• Collected data:
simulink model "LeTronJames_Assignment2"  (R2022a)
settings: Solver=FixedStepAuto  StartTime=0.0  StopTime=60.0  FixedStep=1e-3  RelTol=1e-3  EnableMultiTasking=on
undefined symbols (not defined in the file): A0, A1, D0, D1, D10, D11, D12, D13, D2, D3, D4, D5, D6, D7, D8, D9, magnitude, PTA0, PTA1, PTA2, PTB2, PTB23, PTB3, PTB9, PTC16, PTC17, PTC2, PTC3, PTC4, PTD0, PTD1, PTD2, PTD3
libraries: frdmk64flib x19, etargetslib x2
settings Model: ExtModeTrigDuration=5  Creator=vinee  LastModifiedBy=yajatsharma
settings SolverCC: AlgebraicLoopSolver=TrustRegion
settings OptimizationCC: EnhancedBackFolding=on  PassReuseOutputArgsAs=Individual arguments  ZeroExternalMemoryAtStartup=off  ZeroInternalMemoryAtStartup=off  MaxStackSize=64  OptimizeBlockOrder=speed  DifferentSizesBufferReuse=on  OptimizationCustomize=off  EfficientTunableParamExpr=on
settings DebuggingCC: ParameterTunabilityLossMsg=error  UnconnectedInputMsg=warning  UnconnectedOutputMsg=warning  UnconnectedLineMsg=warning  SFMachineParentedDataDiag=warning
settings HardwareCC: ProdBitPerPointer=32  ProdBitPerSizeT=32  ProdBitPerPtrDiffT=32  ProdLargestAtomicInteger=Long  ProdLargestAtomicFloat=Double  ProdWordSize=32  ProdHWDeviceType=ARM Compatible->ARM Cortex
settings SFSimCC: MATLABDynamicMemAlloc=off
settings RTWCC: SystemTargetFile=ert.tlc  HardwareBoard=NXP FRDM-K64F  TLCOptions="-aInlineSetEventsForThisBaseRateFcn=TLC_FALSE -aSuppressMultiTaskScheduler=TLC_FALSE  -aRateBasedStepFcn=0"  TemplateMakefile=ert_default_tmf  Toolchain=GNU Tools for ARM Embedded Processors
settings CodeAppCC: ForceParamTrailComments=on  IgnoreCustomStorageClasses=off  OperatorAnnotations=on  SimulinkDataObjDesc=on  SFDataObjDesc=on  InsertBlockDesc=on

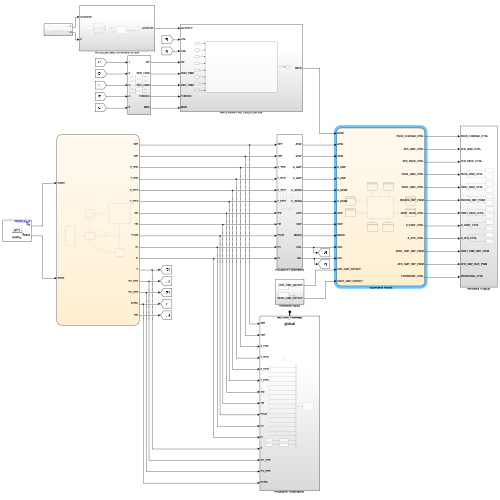
[thumbnail: Simulink's stored preview of the top-level diagram]
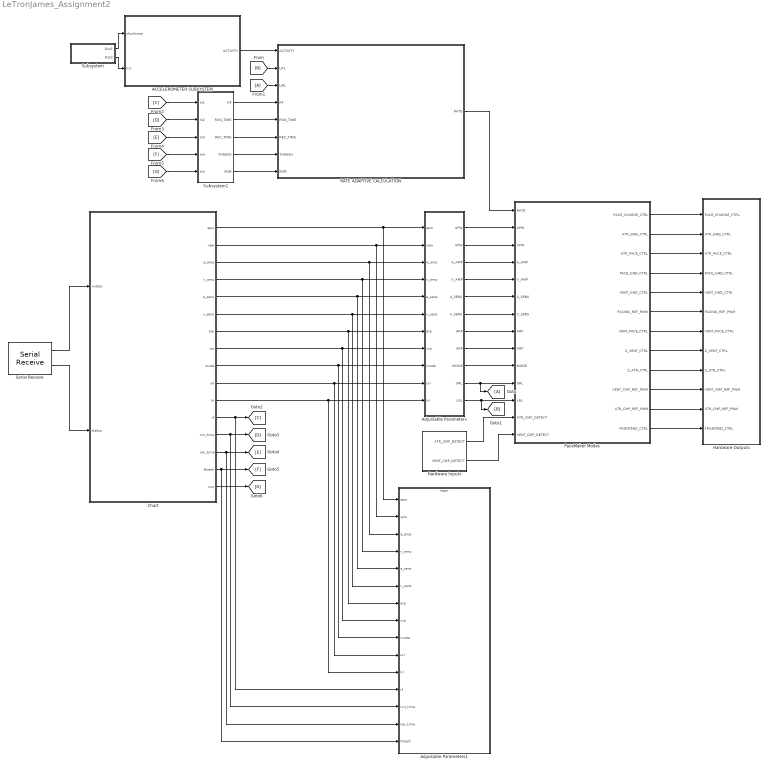
== system LeTronJames_Assignment2 ==
  ACCELEROMETER SUBSYSTEM : Subsystem
  Adjustable Parameters : Subsystem
  Adjustable Parameters1 : Subsystem
  Chart : Stateflow chart  TreatAsAtomicUnit=on
  From1 : From
  Goto : Goto
  Hardware Inputs : Subsystem
  Hardware Outputs : Subsystem
  PaceMaker Modes : Stateflow chart  TreatAsAtomicUnit=on
      settings: PortSchema="{\"entries\":[{\"content\":{\"sides\":[{\"content\":{\"connectorIds\":[\"In14\",\"In1\",\"In4\",\"In2\",\"In3\",\"In5\",\"In6\",\"In7\",\"In8\",\"In9\",\"In13\",\"In11\",\"In12\",\"In10\"]},\"type\":\"ConnectorPlacement.EquallySpacedRectSide\",\"uuid\":\"77d3ccf4-73ab-4fa0-a75b-8c1b7a05e3d5\"},{\"content\":{\"connectorIds\":[\"Out1\",\"Out2\",\"Out3\",\"Out4\",\"Out5\",\"Out6\",\"Out7\",\"Out8\",\"Out9\",\"Out10\",\"Out11\",\"Out12\"],\"side\":\"RIGHT\"},\"type\":\"ConnectorPlacement.EquallySpacedRectSide\",\"uuid\":\"3fd88102-4650-4f47-a7ab-d0892a3e0c85\"},{\"content\":{\"connectorIds\":[],\"side\":\"TOP\"},\"type\":\"ConnectorPlacement.EquallySpacedRectSide\",\"uuid\":\"24053871-acf1-4df3-bb57-3135065b83a4\"}]},\"type\":\"ConnectorPlacement.EquallySpacedConnector\",\"uuid\":\"a590c136-0049-4ce2-946f-1a46cb69b8d2\"}],\"packageUris\":[\"http://schema.mathworks.com/mf0/Connector/R2020b\"],\"version\":\"1.0\"}"
  RATE ADAPTIVE CALCULATION : Subsystem
  Serial Receive : frdmk64flib/Serial Receive  SCIModule=0  Baudrate=uint32(9600)  Parity=None  StopBits=1  HardwareFlowControl=None  ByteOrder=LittleEndian  DataType=uint8  DataLength=17  BlockingMode=off  OutputStatus=on  SampleTime=-1
  Subsystem : Subsystem
  Subsystem1 : Subsystem
  wires:
  Adjustable Parameters/1(APW) -> PaceMaker Modes/1(APW)
  PaceMaker Modes/1(PACE_CHARGE_CTRL) -> Hardware Outputs/1(PACE_CHARGE_CTRL)
  PaceMaker Modes/2(ATR_GND_CTRL) -> Hardware Outputs/2(ATR_GND_CTRL)
  PaceMaker Modes/3(ATR_PACE_CTRL) -> Hardware Outputs/3(ATR_PACE_CTRL)
  PaceMaker Modes/4(PACE_GND_CTRL) -> Hardware Outputs/4(PACE_GND_CTRL)
  PaceMaker Modes/5(VENT_GND_CTRL) -> Hardware Outputs/5(VENT_GND_CTRL)
  PaceMaker Modes/6(PACING_REF_PWM) -> Hardware Outputs/6(PACING_REF_PWM)
  PaceMaker Modes/7(VENT_PACE_CTRL) -> Hardware Outputs/7(VENT_PACE_CTRL)
  PaceMaker Modes/8(Z_VENT_CTRL) -> Hardware Outputs/8(Z_VENT_CTRL)
  PaceMaker Modes/9(Z_ATR_CTRL) -> Hardware Outputs/9(Z_ATR_CTRL)
  Hardware Inputs/2(VENT_CMP_DETECT) -> PaceMaker Modes/10(VENT_CMP_DETECT)
  Hardware Inputs/1(ATR_CMP_DETECT) -> PaceMaker Modes/12(ATR_CMP_DETECT)
  PaceMaker Modes/10(VENT_CMP_REF_PWM) -> Hardware Outputs/10(VENT_CMP_REF_PWM)
  PaceMaker Modes/11(ATR_CMP_REF_PWM) -> Hardware Outputs/11(ATR_CMP_REF_PWM)
  Adjustable Parameters/2(VPW) -> PaceMaker Modes/4(VPW)
  Adjustable Parameters/3(A_AMP) -> PaceMaker Modes/2(A_AMP)
  Adjustable Parameters/4(V_AMP) -> PaceMaker Modes/3(V_AMP)
  Adjustable Parameters/5(A_SENS) -> PaceMaker Modes/5(A_SENS)
  Adjustable Parameters/6(V_SENS) -> PaceMaker Modes/6(V_SENS)
  Adjustable Parameters/7(ARP) -> PaceMaker Modes/7(ARP)
  Adjustable Parameters/8(VRP) -> PaceMaker Modes/8(VRP)
  Adjustable Parameters/9(MODE) -> PaceMaker Modes/9(MODE)
  Adjustable Parameters/10(URL) -> Goto/1, PaceMaker Modes/13(URL)
  Adjustable Parameters/11(LRL) -> [B], PaceMaker Modes/11(LRL)
  Subsystem/1(Out1) -> ACCELEROMETER SUBSYSTEM/1(chunksize)
  Subsystem/2(Out2) -> ACCELEROMETER SUBSYSTEM/2(In1)
  [B] -> RATE ADAPTIVE CALCULATION/2(LRL)
  From1/1 -> RATE ADAPTIVE CALCULATION/3(URL)
  ACCELEROMETER SUBSYSTEM/1(ACTIVITY) -> RATE ADAPTIVE CALCULATION/1(ACTIVITY)
  RATE ADAPTIVE CALCULATION/1(RATE) -> PaceMaker Modes/14(RATE)
  Subsystem1/3(REC_TIME) -> RATE ADAPTIVE CALCULATION/6(REC_TIME)
  Subsystem1/2(RXN_TIME) -> RATE ADAPTIVE CALCULATION/5(RXN_TIME)
  Subsystem1/1(RF) -> RATE ADAPTIVE CALCULATION/4(RF)
  Subsystem1/4(THRESH) -> RATE ADAPTIVE CALCULATION/7(THRESH)
  Subsystem1/5(MSR) -> RATE ADAPTIVE CALCULATION/8(MSR)
  Chart/12(rf) -> Adjustable Parameters1/12(rf), [C]
  Chart/13(rxn_time) -> Adjustable Parameters1/13(rxn_time), [D]
  Serial Receive/1 -> Chart/1(rxdata)
  Chart/14(rec_time) -> Adjustable Parameters1/14(rec_time), [E]
  Serial Receive/2 -> Chart/2(status)
  Chart/15(thresh) -> Adjustable Parameters1/15(thresh), [F]
  [C] -> Subsystem1/1(In1)
  [E] -> Subsystem1/3(In3)
  [F] -> Subsystem1/4(In4)
  [D] -> Subsystem1/2(In2)
  [G] -> Subsystem1/5(In5)
  Chart/11(lrl) -> Adjustable Parameters1/11(lrl), Adjustable Parameters/11(lrl)
  Chart/10(url) -> Adjustable Parameters1/10(url), Adjustable Parameters/10(url)
  Chart/9(mode) -> Adjustable Parameters1/9(mode), Adjustable Parameters/9(mode)
  Chart/8(vrp) -> Adjustable Parameters1/8(vrp), Adjustable Parameters/8(vrp)
  Chart/7(arp) -> Adjustable Parameters1/7(arp), Adjustable Parameters/7(arp)
  Chart/6(v_sens) -> Adjustable Parameters1/6(v_sens), Adjustable Parameters/6(v_sens)
  Chart/5(a_sens) -> Adjustable Parameters1/5(a_sens), Adjustable Parameters/5(a_sens)
  Chart/4(v_amp) -> Adjustable Parameters1/4(v_amp), Adjustable Parameters/4(v_amp)
  Chart/3(a_amp) -> Adjustable Parameters1/3(a_amp), Adjustable Parameters/3(a_amp)
  Chart/2(vpw) -> Adjustable Parameters1/2(vpw), Adjustable Parameters/2(vpw)
  Chart/1(apw) -> Adjustable Parameters1/1(apw), Adjustable Parameters/1(apw)
  Chart/16(msr) -> [G]
  PaceMaker Modes/12(FRONTEND_CTRL) -> Hardware Outputs/12(FRONTEND_CTRL)

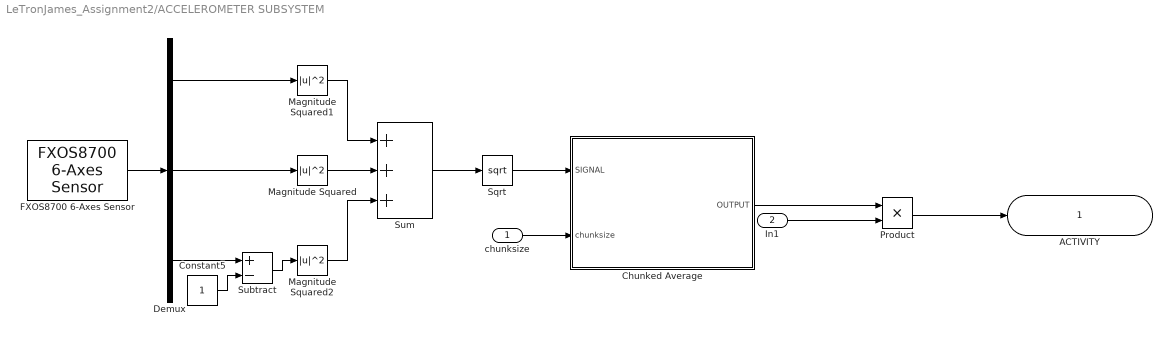
== system LeTronJames_Assignment2/ACCELEROMETER SUBSYSTEM ==
  chunksize : Inport
  In1 : Inport  Port=2
  Chunked Average : Stateflow chart  TreatAsAtomicUnit=on
  Constant5 : Constant
  Demux : Demux  Outputs=3
  FXOS8700 6-Axes Sensor : frdmk64flib/FXOS8700 6-Axes Sensor  Activesensor=Accelerometer only  ODR=800Hz  HybridODR=400Hz  Accelfullrange=-4g to +4g  SampleTime=0.01
  Magnitude Squared : Math  Operator=magnitude^2
  Magnitude Squared1 : Math  Operator=magnitude^2
  Magnitude Squared2 : Math  Operator=magnitude^2
  Product : Product  OutDataTypeStr=uint16
  Sqrt : Sqrt  IntermediateResultsDataTypeStr=double
  Subtract : Sum  Inputs=+-
  Sum : Sum  Inputs=+++
  ACTIVITY : Outport
  wires:
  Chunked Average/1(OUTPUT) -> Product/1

• Directions: Using the entries above, repeat exactly the lines from the one with "settings SFSimCC: MATLABDynamicMemAlloc=off" to the one with "Hardware Outputs : Subsystem", both included, and leave the pictures behind.

• Response for this exercise:
settings SFSimCC: MATLABDynamicMemAlloc=off
settings RTWCC: SystemTargetFile=ert.tlc  HardwareBoard=NXP FRDM-K64F  TLCOptions="-aInlineSetEventsForThisBaseRateFcn=TLC_FALSE -aSuppressMultiTaskScheduler=TLC_FALSE  -aRateBasedStepFcn=0"  TemplateMakefile=ert_default_tmf  Toolchain=GNU Tools for ARM Embedded Processors
settings CodeAppCC: ForceParamTrailComments=on  IgnoreCustomStorageClasses=off  OperatorAnnotations=on  SimulinkDataObjDesc=on  SFDataObjDesc=on  InsertBlockDesc=on

[thumbnail: Simulink's stored preview of the top-level diagram]
== system LeTronJames_Assignment2 ==
  ACCELEROMETER SUBSYSTEM : Subsystem
  Adjustable Parameters : Subsystem
  Adjustable Parameters1 : Subsystem
  Chart : Stateflow chart  TreatAsAtomicUnit=on
  From1 : From
  Goto : Goto
  Hardware Inputs : Subsystem
  Hardware Outputs : Subsystem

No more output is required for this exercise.